Il dipinto, ormai custodito a casa del Peruggia, fu affidato ad un compatriota, Vincenzo Lancelotti, a causa della forte umidità presente nella struttura.
Le indagini
L’assenza della tela fu notata soltanto il giorno successivo da due artisti, Louis Béroud e Frederic Languillerme, giunti al Louvre per ammirarne la splendida collezione. Accortisi della tela mancante allertarono immediatamente monsieur Poupardin, il capo della sicurezza, che corse dal direttore della galleria monsieur Homolle. Al Louvre, poi, vista la gravità della situazione giunsero il sottosegretario di Stato alle Belle Arti, il prefetto di Parigi e il capo della polizia.
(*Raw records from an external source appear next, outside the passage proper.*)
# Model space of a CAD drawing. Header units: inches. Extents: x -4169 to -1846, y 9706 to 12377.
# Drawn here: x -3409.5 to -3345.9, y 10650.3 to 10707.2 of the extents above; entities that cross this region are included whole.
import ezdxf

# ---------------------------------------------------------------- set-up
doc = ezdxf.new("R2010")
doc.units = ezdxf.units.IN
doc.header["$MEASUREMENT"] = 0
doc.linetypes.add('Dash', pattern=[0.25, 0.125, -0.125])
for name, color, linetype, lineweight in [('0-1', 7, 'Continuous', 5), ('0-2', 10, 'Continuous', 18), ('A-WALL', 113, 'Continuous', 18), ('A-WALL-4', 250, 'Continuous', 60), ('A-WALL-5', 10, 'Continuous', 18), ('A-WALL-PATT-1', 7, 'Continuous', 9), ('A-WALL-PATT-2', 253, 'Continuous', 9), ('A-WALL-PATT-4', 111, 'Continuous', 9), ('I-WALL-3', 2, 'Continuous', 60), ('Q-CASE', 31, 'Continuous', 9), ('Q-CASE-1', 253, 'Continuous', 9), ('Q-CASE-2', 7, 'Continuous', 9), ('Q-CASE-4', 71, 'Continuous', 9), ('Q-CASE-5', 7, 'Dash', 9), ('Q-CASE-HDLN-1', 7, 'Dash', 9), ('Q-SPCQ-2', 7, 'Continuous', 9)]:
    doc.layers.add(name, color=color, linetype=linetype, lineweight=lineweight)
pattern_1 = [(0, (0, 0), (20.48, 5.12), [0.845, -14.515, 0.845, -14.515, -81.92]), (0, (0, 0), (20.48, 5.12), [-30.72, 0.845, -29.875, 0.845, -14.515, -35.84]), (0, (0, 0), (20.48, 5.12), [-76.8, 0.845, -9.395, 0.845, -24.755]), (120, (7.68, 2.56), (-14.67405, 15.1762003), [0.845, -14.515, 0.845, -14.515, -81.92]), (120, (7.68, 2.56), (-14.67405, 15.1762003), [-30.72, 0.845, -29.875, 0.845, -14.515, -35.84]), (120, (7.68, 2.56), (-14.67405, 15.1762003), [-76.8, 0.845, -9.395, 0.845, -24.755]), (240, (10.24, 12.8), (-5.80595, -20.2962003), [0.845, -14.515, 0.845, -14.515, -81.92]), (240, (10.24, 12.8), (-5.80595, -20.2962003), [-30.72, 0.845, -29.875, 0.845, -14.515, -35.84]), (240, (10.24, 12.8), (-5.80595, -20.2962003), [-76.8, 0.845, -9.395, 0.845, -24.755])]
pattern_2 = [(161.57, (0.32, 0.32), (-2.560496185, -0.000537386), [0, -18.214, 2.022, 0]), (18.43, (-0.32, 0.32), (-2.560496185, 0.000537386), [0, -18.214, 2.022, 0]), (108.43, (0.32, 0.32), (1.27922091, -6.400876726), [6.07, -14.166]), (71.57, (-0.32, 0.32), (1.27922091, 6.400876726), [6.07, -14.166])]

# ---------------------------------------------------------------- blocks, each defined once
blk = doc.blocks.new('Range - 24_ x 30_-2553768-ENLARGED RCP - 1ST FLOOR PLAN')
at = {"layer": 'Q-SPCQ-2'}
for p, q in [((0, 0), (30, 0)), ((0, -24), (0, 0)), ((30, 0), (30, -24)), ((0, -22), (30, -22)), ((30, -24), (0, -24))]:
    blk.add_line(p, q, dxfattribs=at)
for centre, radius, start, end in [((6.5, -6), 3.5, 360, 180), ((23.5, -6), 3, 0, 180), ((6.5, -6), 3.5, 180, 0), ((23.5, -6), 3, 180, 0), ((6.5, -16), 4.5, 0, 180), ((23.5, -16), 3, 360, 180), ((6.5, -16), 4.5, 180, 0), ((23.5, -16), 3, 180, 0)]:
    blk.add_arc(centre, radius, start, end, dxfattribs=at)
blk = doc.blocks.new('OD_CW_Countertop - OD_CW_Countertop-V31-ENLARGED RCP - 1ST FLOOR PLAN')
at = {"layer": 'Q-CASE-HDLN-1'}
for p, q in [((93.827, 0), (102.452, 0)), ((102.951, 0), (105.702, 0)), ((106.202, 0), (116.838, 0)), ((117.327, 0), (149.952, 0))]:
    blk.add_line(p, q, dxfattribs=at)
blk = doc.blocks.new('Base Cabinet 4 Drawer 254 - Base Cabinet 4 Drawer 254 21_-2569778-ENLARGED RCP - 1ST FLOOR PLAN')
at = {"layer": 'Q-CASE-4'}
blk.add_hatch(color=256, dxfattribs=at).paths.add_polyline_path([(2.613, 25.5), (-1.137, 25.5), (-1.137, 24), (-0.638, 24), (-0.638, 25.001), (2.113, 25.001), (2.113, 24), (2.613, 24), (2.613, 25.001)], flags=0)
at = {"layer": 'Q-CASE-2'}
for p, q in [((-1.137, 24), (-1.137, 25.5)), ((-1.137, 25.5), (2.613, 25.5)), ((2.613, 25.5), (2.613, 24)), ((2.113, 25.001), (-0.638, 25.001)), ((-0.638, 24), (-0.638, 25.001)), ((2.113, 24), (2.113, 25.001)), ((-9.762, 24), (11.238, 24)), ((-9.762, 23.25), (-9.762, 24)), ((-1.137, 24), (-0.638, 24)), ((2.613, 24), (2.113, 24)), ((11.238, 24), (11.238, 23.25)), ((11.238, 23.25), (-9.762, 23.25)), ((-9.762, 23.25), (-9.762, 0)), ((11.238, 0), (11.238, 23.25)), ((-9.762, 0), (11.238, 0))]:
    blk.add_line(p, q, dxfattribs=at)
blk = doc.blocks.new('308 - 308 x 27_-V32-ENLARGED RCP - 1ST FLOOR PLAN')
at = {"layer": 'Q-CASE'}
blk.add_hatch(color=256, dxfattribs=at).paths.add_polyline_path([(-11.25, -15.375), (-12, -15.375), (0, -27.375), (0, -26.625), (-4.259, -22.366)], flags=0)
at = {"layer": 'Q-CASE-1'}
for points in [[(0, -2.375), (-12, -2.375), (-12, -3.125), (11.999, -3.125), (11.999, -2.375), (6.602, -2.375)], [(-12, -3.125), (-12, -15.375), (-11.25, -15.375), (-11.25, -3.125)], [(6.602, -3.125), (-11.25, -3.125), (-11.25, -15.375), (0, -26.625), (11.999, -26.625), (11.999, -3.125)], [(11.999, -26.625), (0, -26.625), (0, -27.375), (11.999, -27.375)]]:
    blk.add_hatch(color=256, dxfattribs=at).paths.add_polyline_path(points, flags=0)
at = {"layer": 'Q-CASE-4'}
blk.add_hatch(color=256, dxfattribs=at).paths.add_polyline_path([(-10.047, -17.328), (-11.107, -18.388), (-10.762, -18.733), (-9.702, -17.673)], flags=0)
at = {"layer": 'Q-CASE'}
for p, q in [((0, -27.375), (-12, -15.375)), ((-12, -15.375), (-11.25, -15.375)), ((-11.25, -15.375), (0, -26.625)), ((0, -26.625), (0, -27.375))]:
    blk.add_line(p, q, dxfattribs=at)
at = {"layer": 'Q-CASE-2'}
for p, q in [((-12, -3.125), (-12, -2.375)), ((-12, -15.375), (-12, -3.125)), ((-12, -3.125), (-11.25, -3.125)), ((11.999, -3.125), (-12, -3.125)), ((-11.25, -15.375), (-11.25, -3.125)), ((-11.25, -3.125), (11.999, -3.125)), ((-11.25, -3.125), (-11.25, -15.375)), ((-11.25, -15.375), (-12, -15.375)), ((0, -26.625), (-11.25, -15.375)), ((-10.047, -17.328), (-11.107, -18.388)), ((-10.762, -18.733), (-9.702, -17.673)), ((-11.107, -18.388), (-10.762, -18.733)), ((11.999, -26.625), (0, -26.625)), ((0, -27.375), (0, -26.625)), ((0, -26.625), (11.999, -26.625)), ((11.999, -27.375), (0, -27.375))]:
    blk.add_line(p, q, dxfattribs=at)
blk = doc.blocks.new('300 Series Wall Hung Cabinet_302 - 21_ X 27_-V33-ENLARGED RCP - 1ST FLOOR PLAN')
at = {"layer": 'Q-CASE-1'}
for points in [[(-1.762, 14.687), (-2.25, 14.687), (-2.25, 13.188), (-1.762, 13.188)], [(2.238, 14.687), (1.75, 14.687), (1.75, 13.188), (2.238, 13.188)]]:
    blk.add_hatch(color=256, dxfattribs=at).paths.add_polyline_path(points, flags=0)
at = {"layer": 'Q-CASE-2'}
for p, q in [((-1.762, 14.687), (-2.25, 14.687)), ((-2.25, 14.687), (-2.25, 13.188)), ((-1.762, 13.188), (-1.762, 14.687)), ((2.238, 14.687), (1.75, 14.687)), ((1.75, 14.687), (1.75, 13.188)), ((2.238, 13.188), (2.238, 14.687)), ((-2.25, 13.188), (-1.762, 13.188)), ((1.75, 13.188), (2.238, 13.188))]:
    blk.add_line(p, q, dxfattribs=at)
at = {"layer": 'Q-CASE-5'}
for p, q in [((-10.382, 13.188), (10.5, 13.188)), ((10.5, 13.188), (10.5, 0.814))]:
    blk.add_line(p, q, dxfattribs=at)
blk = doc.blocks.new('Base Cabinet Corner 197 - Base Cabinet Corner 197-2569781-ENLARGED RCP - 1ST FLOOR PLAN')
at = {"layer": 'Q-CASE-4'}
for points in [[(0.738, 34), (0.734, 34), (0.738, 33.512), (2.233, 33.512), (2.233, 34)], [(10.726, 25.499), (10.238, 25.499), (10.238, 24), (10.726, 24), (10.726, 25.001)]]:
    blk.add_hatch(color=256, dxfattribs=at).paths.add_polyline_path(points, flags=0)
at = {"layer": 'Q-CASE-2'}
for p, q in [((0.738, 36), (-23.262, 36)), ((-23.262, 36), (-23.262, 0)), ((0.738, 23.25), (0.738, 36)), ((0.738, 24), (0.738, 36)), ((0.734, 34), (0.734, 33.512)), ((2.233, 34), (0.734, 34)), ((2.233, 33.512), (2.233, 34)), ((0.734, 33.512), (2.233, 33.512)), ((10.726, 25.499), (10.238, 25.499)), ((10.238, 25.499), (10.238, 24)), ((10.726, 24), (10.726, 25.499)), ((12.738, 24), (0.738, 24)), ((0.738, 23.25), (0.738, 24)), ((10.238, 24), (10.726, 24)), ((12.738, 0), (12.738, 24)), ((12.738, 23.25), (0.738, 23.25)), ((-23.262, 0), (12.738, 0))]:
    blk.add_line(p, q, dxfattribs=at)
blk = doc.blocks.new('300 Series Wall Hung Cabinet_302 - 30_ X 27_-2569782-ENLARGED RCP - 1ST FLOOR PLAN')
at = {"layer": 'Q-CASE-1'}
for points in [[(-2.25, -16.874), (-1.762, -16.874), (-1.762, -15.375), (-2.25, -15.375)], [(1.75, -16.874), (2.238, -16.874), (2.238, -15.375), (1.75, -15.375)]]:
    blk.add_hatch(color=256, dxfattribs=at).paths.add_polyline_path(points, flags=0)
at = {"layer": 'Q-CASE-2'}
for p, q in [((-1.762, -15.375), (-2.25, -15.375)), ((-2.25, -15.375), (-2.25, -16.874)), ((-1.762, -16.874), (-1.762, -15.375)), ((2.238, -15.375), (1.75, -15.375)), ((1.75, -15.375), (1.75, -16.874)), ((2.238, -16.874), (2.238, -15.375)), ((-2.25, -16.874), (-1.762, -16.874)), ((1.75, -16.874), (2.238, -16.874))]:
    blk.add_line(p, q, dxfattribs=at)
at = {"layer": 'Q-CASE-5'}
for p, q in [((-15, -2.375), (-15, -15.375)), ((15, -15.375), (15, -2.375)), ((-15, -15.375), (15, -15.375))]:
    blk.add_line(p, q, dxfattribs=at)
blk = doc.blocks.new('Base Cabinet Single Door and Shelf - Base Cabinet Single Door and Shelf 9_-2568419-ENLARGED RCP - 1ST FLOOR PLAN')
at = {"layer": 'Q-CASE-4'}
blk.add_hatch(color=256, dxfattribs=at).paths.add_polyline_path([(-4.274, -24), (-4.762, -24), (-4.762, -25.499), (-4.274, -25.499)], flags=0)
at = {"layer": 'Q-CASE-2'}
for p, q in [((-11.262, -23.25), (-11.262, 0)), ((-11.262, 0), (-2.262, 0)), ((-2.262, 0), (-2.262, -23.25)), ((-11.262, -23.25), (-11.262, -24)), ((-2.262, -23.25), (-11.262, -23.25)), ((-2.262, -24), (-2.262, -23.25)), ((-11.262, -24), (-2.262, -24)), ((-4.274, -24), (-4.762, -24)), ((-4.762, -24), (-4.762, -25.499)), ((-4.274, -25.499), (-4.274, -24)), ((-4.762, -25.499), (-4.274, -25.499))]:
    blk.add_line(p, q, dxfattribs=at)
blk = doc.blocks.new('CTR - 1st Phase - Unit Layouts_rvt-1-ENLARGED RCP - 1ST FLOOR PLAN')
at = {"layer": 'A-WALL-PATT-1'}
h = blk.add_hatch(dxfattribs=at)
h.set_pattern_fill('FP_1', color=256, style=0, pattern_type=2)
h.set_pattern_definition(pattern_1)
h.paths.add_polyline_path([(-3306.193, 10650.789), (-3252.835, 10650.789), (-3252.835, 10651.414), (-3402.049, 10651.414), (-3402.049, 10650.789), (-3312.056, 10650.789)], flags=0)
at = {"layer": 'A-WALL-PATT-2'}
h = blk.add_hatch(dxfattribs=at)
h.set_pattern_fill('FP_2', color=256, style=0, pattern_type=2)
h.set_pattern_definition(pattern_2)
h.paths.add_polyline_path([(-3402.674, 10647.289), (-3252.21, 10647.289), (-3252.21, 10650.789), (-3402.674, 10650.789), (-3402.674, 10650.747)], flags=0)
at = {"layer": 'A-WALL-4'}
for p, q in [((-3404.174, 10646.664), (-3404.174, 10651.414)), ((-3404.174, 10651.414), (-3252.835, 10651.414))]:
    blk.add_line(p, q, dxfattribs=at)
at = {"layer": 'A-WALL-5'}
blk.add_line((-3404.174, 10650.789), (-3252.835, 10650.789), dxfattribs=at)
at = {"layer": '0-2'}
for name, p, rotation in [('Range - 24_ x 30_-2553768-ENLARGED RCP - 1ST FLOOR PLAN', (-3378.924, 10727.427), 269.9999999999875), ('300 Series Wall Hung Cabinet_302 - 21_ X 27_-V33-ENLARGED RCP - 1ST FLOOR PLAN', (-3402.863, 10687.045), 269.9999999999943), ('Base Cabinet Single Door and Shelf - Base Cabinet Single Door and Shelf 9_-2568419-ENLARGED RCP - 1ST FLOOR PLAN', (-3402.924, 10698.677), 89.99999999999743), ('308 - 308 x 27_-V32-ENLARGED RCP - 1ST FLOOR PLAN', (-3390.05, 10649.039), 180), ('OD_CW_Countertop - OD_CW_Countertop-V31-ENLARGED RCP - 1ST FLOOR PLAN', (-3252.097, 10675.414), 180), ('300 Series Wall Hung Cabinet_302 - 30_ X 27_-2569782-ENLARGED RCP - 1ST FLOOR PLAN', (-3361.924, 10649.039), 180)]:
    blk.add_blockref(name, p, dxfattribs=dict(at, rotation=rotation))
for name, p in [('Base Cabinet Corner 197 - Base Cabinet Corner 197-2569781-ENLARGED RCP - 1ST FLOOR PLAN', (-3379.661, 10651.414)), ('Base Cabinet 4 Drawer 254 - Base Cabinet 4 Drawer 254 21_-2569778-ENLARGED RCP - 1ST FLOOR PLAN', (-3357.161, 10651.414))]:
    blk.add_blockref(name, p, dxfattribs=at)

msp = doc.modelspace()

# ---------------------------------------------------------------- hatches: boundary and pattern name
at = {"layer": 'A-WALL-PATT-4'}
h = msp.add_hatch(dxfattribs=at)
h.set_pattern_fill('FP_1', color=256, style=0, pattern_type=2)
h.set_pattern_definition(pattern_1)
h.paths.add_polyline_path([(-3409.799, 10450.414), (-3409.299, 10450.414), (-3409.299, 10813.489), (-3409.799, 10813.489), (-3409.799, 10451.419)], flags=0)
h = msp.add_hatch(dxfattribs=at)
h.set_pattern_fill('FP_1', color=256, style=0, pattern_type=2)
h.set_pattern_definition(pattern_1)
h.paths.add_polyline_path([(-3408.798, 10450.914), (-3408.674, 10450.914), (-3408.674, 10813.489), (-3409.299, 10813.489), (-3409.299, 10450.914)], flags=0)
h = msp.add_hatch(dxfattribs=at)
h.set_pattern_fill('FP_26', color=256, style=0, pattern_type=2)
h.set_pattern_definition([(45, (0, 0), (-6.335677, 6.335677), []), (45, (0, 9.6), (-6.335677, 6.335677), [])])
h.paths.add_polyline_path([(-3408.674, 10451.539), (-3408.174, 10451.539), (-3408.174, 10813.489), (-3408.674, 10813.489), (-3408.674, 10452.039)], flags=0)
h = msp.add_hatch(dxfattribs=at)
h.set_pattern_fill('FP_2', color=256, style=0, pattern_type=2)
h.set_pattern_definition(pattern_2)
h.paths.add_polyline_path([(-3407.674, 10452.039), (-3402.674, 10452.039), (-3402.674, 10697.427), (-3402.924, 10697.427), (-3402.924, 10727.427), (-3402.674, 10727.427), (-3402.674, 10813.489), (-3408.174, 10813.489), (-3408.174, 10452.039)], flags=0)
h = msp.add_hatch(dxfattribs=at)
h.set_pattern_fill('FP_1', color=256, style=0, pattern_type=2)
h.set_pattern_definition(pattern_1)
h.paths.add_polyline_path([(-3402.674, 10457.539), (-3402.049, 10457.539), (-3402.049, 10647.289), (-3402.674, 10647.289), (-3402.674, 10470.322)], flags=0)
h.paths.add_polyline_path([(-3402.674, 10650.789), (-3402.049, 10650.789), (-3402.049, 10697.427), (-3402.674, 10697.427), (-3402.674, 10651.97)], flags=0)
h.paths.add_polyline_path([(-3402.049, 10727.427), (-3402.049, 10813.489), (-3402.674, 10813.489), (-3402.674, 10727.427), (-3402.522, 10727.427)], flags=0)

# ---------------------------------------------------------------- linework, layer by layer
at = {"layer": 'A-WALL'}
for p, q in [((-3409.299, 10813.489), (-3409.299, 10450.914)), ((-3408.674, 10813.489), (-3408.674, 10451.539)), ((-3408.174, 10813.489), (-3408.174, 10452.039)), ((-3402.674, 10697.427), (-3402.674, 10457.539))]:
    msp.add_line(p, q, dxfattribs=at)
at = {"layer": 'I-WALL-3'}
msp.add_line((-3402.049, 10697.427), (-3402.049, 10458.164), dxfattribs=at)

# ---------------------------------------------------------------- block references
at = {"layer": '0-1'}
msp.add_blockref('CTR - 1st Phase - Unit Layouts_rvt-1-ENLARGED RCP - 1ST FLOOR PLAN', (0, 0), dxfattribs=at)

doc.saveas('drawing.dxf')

Le indagini scattarono tempestivamente. Ogni visitatore venne perquisito e la struttura battuta a tappeto, ma del dipinto furono rinvenuti solo vetro e cornice sulle scale della sala dei Sept Mètres. I gendarmi, poi, notando che la porta a vetri era sfondata, consapevoli di quanto essa fosse utilizzata dagli operai, restrinsero il campo ai soli lavoratori.
Nel corso degli interrogatori, ai quali furono sottoposti i dipendenti, venne rilasciato un appello ai cittadini, con una esplicita richiesta di collaborazione. Allo stesso tempo l’associazione Amici del Louvre annunciò una lauta ricompensa per chiunque avesse contribuito a fornire prove per la risoluzione del caso.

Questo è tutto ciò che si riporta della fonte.